# Notching Exterior Top Plates



## jar546 (Aug 7, 2019)

This is a structural and energy issue since this is an exterior, load bearing wall.  What say thee?


----------



## e hilton (Aug 7, 2019)

I “think” you could get around the structural issue with proper strapping and bracing ... but that strip of sheet metal doesn't fly.


----------



## Pcinspector1 (Aug 7, 2019)

I believe it should be 18 gauge steel with a minimum of 8 compliant nails on each side into the top plate. Am I missing something? 

I don't think it's an oval flue and the insulation appears to be installed poorly not filling the wall cavity properly.


----------



## jar546 (Aug 7, 2019)

Pcinspector1 said:


> I believe it should be 18 gauge steel with a minimum of 8 compliant nails on each side into the top plate. Am I missing something?
> 
> I don't think it's an oval flue and the insulation appears to be installed poorly not filling the wall cavity properly.



Yeah, how will they get insulation against the rim board?


----------



## tmurray (Aug 8, 2019)

That insulation behind the duct doesn't look compressed at all. Definitely still has the full insulation value.


----------



## e hilton (Aug 8, 2019)

tmurray said:


> That insulation behind the duct doesn't look compressed at all.

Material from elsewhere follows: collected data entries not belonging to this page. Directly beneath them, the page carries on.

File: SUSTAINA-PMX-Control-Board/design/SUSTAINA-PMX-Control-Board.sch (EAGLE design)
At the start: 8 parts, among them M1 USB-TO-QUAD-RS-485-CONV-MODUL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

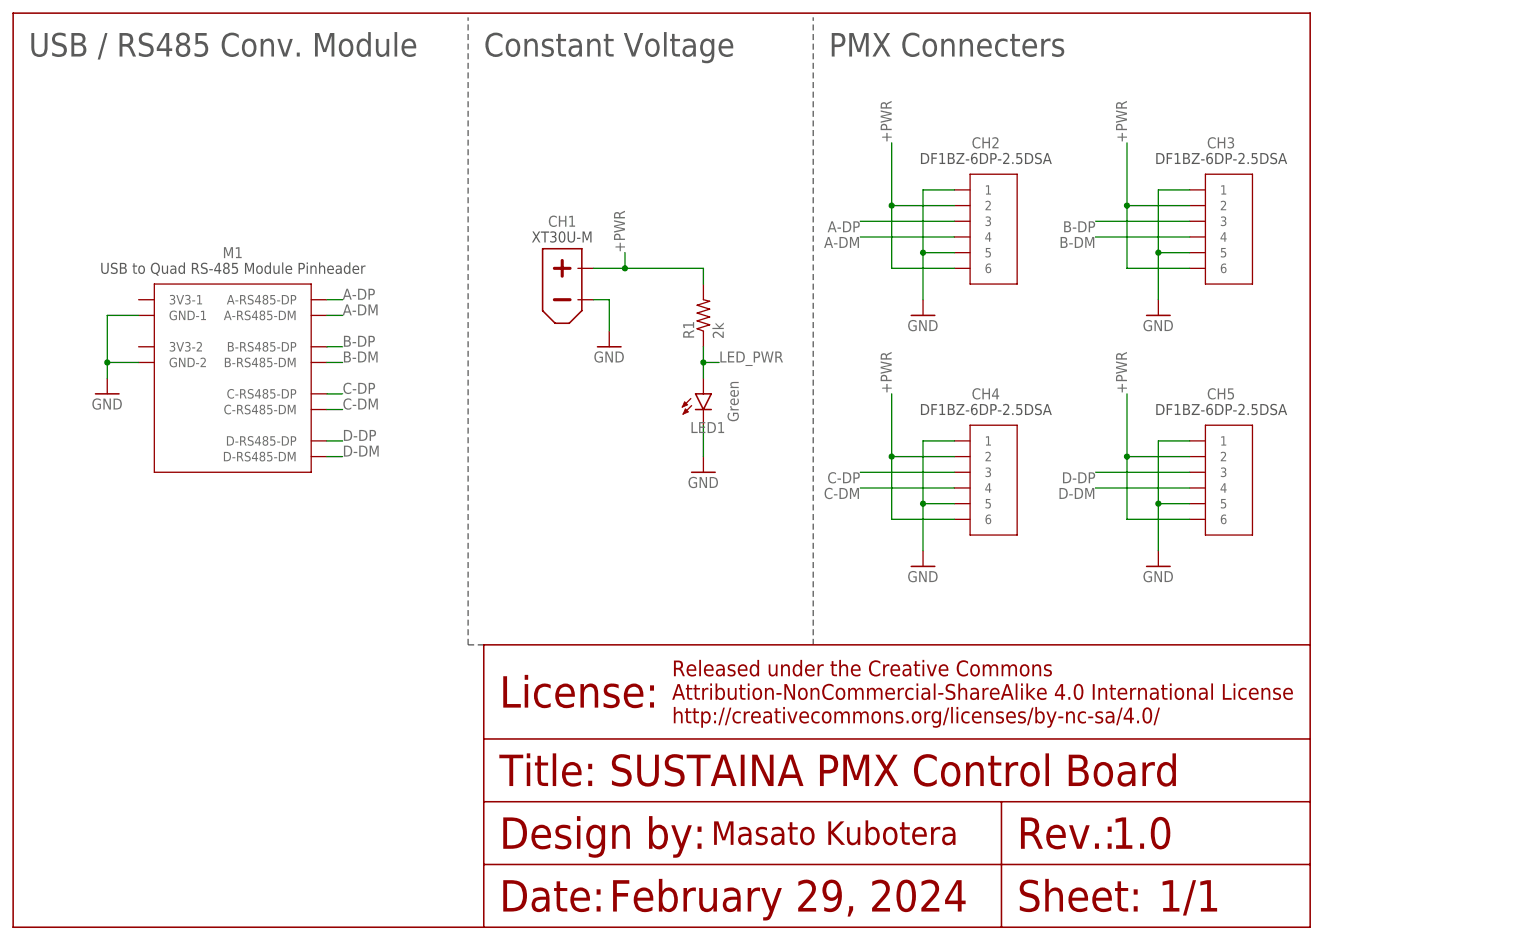
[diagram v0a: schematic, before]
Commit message: Add mass-produced version of PMX-Control-Board
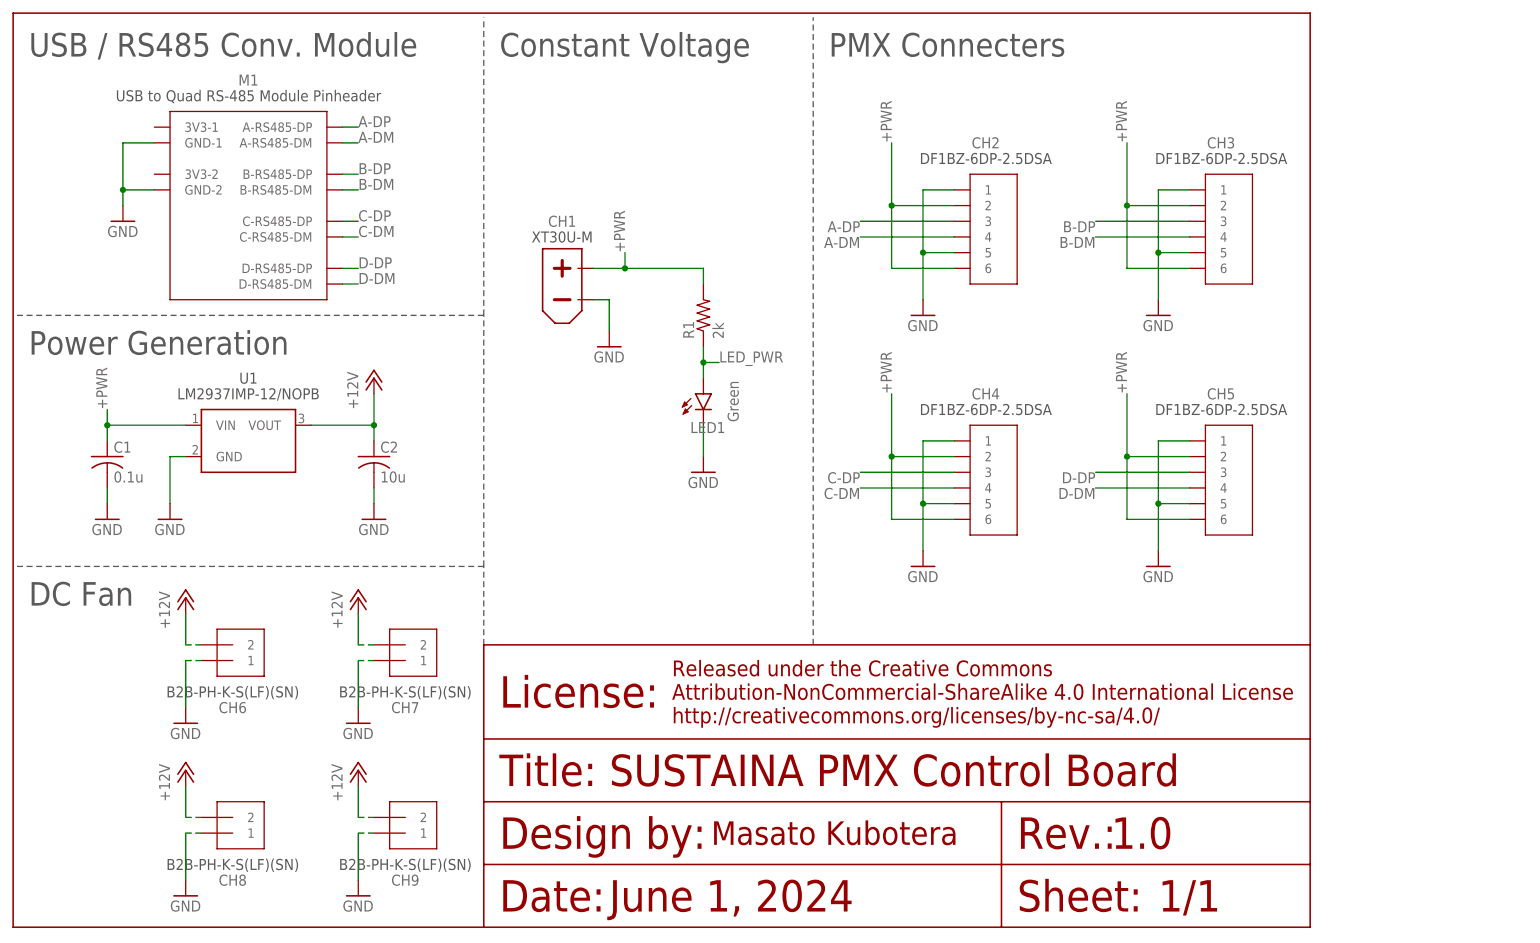
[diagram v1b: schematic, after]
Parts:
- added C1: 0.1u, rcl:C-USC0603
- added C2: 10u, rcl:C-USC0603
- added CH6, CH7, CH8, CH9: B2B-PH-K-S(LF)(SN), JST-PH:B2B-PH-K-S(LF)(SN)
- added U1: LM2937IMP-12NOPB, LM2937IMP-12NOPB:LM2937IMP-12NOPB
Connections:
- new net +12V: C2.1, CH6.2, CH7.2, CH8.2, CH9.2, U1.VOUT
- net +PWR: now also C1.1, U1.VIN
- net GND: now also C1.2, C2.2, CH6.1, CH7.1, CH8.1, CH9.1, U1.GND
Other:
- note added: "DC Fan"
- note added: "June 1, 2024"
- note added: "Power Generation"
- note removed: "February 29, 2024"
- moved on the sheet: M1

If the stud is 2x4 ... then the insulation is only 2” thick.


----------



## HForester (Aug 8, 2019)

For buildings constructed to the IRC, see IRC Section R602.6.1.


----------



## mtlogcabin (Aug 8, 2019)

Code compliant for notching

R602.6.1 Drilling and notching of top plate.
When piping or ductwork is placed in or partly in an exterior wall or interior load-bearing wall, necessitating cutting, drilling or notching of the top plate by more than 50 percent of its width, a galvanized metal tie not less than 0.054 inch thick (1.37 mm) (16 ga) and 11/2 inches (38 mm) wide shall be fastened across and to the plate at each side of the opening with not less than eight 10d (0.148 inch diameter) having a minimum length of 11/2 inches (38 mm) at each side or equivalent. The metal tie must extend a minimum of 6 inches past the opening. See Figure R602.6.1.
Exception: When the entire side of the wall with the notch or cut is covered by wood structural panel sheathing.


----------



## Pcinspector1 (Aug 8, 2019)

Sorry wrong gauge listed, should be 16 ga.

Exception does not apply here unless the notched side or cut is being covered with SPS.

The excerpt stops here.